● TASK DESCRIPTION:
No pictures go into the output, which should consist only of the lines from the first line of the data through the line with "layer by layer", copied exactly.

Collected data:
<<<<

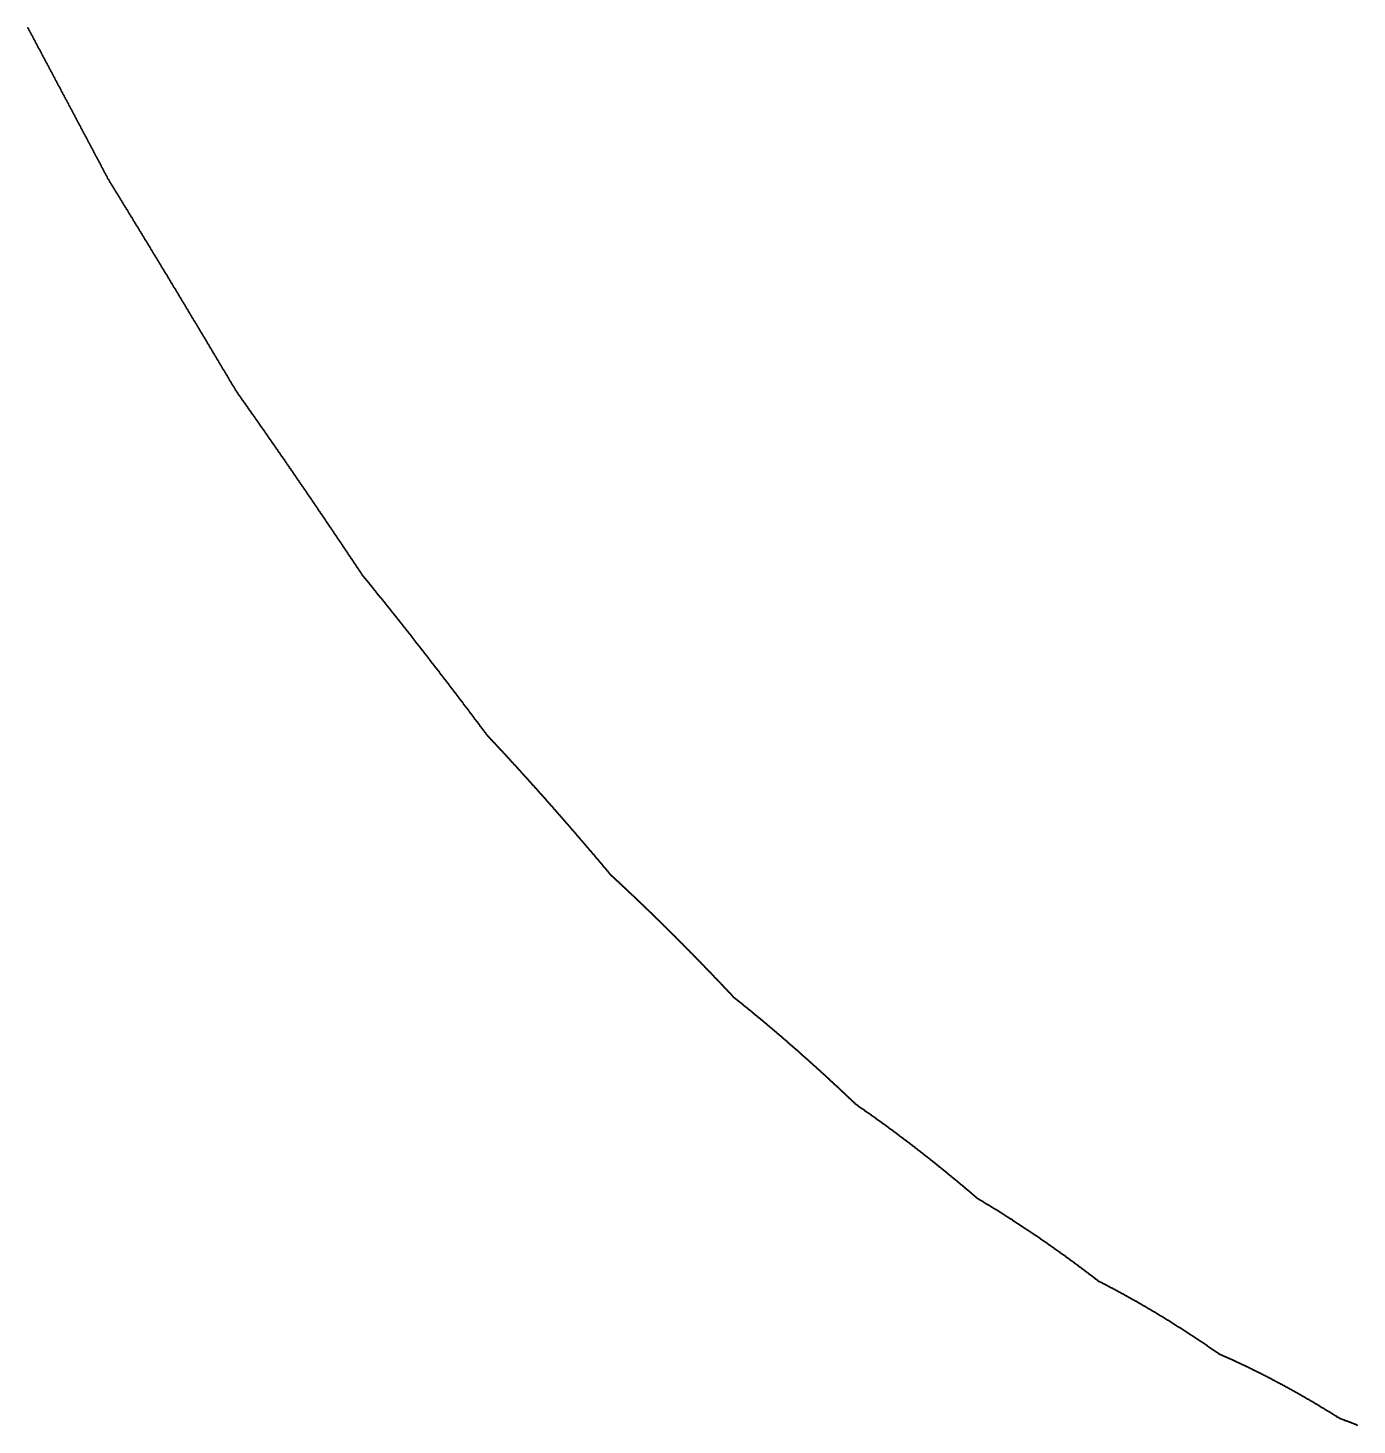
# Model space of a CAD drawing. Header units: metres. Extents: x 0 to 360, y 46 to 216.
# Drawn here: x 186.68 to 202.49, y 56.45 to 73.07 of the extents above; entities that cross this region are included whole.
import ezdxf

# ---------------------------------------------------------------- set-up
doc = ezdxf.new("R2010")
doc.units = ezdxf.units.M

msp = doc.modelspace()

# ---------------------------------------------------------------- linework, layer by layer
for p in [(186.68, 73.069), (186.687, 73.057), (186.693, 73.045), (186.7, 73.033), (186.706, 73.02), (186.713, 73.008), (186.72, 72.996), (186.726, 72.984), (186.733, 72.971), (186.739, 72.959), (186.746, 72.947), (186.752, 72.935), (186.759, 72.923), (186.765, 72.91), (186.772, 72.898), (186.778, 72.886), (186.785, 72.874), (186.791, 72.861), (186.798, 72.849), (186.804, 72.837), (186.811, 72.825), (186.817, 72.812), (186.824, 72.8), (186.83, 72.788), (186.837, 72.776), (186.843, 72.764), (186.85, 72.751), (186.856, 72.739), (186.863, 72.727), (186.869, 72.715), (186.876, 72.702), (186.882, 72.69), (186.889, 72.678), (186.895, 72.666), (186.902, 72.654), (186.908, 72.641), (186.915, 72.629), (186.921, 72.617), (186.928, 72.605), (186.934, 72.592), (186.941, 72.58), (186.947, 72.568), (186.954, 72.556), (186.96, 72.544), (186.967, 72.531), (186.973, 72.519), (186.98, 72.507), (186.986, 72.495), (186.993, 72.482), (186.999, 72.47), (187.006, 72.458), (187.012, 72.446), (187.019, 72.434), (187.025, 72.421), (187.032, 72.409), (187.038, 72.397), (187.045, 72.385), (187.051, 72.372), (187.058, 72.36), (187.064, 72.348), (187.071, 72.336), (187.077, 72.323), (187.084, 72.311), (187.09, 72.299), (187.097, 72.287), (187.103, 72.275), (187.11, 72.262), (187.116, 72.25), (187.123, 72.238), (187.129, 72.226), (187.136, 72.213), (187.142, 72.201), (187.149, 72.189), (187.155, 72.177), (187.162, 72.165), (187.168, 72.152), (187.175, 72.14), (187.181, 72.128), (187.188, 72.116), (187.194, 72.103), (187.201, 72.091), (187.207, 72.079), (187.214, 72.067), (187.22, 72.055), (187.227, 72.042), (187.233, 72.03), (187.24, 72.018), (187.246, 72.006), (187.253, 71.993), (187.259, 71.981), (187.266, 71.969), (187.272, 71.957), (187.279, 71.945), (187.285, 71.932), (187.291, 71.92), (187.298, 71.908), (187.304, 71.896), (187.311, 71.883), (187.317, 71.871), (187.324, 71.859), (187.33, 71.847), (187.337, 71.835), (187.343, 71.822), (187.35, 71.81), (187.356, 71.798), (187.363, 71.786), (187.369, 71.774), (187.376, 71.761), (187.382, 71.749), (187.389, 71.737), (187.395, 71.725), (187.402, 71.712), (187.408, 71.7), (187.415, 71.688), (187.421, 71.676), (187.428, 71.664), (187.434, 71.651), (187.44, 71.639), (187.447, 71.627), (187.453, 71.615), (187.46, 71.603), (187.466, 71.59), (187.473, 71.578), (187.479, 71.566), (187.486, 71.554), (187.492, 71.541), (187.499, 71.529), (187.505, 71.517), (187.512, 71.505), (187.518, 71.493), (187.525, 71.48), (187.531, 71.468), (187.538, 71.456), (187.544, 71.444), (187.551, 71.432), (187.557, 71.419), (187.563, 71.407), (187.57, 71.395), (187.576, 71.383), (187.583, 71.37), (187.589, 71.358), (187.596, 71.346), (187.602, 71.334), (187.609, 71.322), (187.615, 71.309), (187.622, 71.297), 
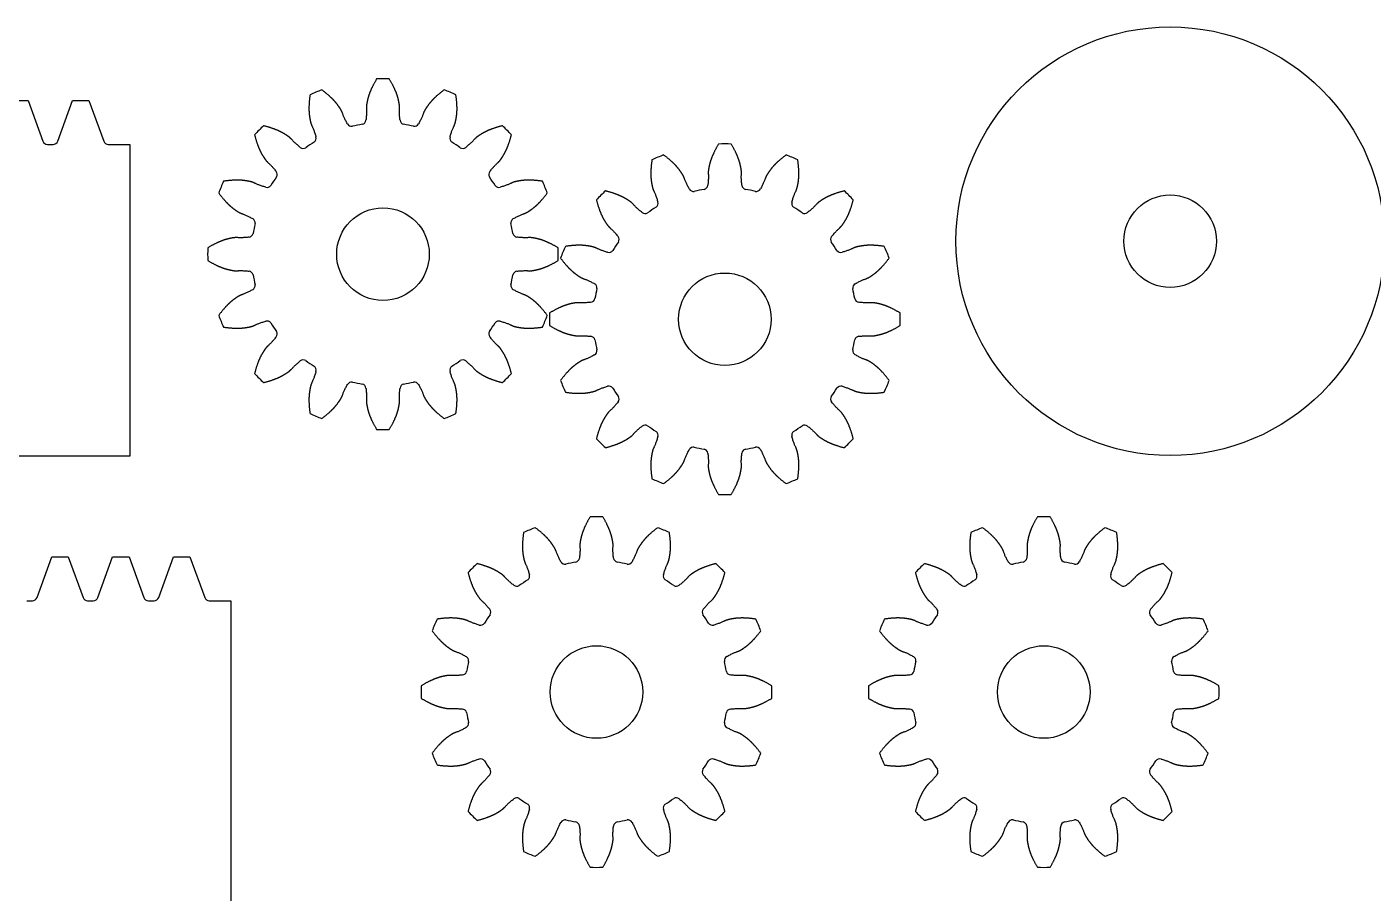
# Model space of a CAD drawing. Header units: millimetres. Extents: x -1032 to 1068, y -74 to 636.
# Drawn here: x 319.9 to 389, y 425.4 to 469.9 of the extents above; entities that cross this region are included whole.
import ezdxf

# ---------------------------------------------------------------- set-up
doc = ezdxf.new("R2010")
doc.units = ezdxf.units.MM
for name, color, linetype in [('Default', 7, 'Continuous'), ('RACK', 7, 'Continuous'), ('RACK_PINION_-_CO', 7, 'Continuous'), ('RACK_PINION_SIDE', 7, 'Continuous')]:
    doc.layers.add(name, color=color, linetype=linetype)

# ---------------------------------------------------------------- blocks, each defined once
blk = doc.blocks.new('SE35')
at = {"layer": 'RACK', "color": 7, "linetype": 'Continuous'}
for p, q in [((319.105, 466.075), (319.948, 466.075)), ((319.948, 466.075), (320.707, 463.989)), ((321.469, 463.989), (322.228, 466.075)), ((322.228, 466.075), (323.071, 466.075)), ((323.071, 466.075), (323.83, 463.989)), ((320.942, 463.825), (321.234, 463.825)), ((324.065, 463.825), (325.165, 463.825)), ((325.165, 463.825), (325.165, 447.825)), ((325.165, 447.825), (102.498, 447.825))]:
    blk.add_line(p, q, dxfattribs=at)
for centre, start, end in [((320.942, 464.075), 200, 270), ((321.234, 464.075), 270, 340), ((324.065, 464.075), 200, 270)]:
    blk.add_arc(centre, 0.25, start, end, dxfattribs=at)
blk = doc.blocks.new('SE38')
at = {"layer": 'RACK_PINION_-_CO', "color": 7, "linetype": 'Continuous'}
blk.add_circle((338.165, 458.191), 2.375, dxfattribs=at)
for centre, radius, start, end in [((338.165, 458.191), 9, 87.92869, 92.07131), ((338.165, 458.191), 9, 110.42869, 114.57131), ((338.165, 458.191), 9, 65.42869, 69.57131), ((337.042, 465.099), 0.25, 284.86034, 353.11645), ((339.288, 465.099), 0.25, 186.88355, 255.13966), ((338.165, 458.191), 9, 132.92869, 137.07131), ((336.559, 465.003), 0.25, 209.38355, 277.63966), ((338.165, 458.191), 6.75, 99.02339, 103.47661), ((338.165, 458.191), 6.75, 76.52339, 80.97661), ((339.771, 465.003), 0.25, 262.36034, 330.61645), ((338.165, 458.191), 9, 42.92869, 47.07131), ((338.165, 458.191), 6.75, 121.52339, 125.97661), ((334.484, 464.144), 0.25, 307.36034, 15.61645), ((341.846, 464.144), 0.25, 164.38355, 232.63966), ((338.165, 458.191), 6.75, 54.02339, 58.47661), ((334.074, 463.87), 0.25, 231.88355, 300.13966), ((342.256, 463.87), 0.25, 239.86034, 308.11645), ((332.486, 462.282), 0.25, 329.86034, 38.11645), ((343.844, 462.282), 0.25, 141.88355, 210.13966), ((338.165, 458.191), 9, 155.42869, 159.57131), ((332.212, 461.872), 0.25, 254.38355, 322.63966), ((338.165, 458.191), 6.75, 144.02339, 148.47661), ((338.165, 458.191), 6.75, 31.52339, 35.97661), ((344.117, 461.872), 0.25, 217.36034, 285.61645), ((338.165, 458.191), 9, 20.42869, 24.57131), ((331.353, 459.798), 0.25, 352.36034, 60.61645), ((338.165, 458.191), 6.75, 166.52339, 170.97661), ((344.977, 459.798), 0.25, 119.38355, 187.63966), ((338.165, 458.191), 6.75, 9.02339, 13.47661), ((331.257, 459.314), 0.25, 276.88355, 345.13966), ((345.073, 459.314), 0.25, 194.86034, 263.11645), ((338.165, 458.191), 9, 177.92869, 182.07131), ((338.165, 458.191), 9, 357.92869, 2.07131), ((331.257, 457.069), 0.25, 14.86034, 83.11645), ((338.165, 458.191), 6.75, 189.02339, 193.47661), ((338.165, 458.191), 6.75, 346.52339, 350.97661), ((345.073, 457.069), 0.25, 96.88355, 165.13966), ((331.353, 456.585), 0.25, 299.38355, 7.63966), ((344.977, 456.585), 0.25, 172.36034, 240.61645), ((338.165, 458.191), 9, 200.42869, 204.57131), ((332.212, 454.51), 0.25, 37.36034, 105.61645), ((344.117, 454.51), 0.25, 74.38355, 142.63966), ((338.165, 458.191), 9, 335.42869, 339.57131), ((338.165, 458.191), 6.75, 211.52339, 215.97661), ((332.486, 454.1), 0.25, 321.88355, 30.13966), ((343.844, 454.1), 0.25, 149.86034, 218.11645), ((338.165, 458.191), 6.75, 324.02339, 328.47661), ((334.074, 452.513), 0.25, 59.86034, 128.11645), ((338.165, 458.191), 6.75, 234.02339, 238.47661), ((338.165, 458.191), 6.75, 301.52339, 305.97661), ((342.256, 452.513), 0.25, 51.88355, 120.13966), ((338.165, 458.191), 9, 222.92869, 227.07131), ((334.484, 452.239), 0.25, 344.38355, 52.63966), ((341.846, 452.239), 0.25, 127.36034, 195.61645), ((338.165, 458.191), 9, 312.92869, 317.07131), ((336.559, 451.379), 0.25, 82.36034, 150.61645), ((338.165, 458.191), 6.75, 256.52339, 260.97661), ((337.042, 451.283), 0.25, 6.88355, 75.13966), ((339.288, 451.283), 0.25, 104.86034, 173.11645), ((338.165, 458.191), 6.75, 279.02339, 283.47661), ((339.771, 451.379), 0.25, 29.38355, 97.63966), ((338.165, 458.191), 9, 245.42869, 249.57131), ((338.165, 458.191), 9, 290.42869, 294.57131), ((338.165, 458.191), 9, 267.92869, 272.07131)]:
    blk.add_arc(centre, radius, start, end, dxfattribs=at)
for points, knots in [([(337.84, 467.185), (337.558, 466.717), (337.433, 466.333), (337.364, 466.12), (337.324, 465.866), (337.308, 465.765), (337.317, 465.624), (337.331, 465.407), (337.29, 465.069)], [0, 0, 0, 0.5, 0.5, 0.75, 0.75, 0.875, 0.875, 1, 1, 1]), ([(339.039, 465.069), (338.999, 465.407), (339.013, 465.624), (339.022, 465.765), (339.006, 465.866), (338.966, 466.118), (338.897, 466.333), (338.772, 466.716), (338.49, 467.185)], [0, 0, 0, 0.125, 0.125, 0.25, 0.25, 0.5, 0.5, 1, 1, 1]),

>>>>

● YOUR SOLUTION:
# Model space of a CAD drawing. Header units: metres. Extents: x 0 to 360, y 46 to 216.
# Drawn here: x 186.68 to 202.49, y 56.45 to 73.07 of the extents above; entities that cross this region are included whole.
import ezdxf

# ---------------------------------------------------------------- set-up
doc = ezdxf.new("R2010")
doc.units = ezdxf.units.M

msp = doc.modelspace()

# ---------------------------------------------------------------- linework, layer by layer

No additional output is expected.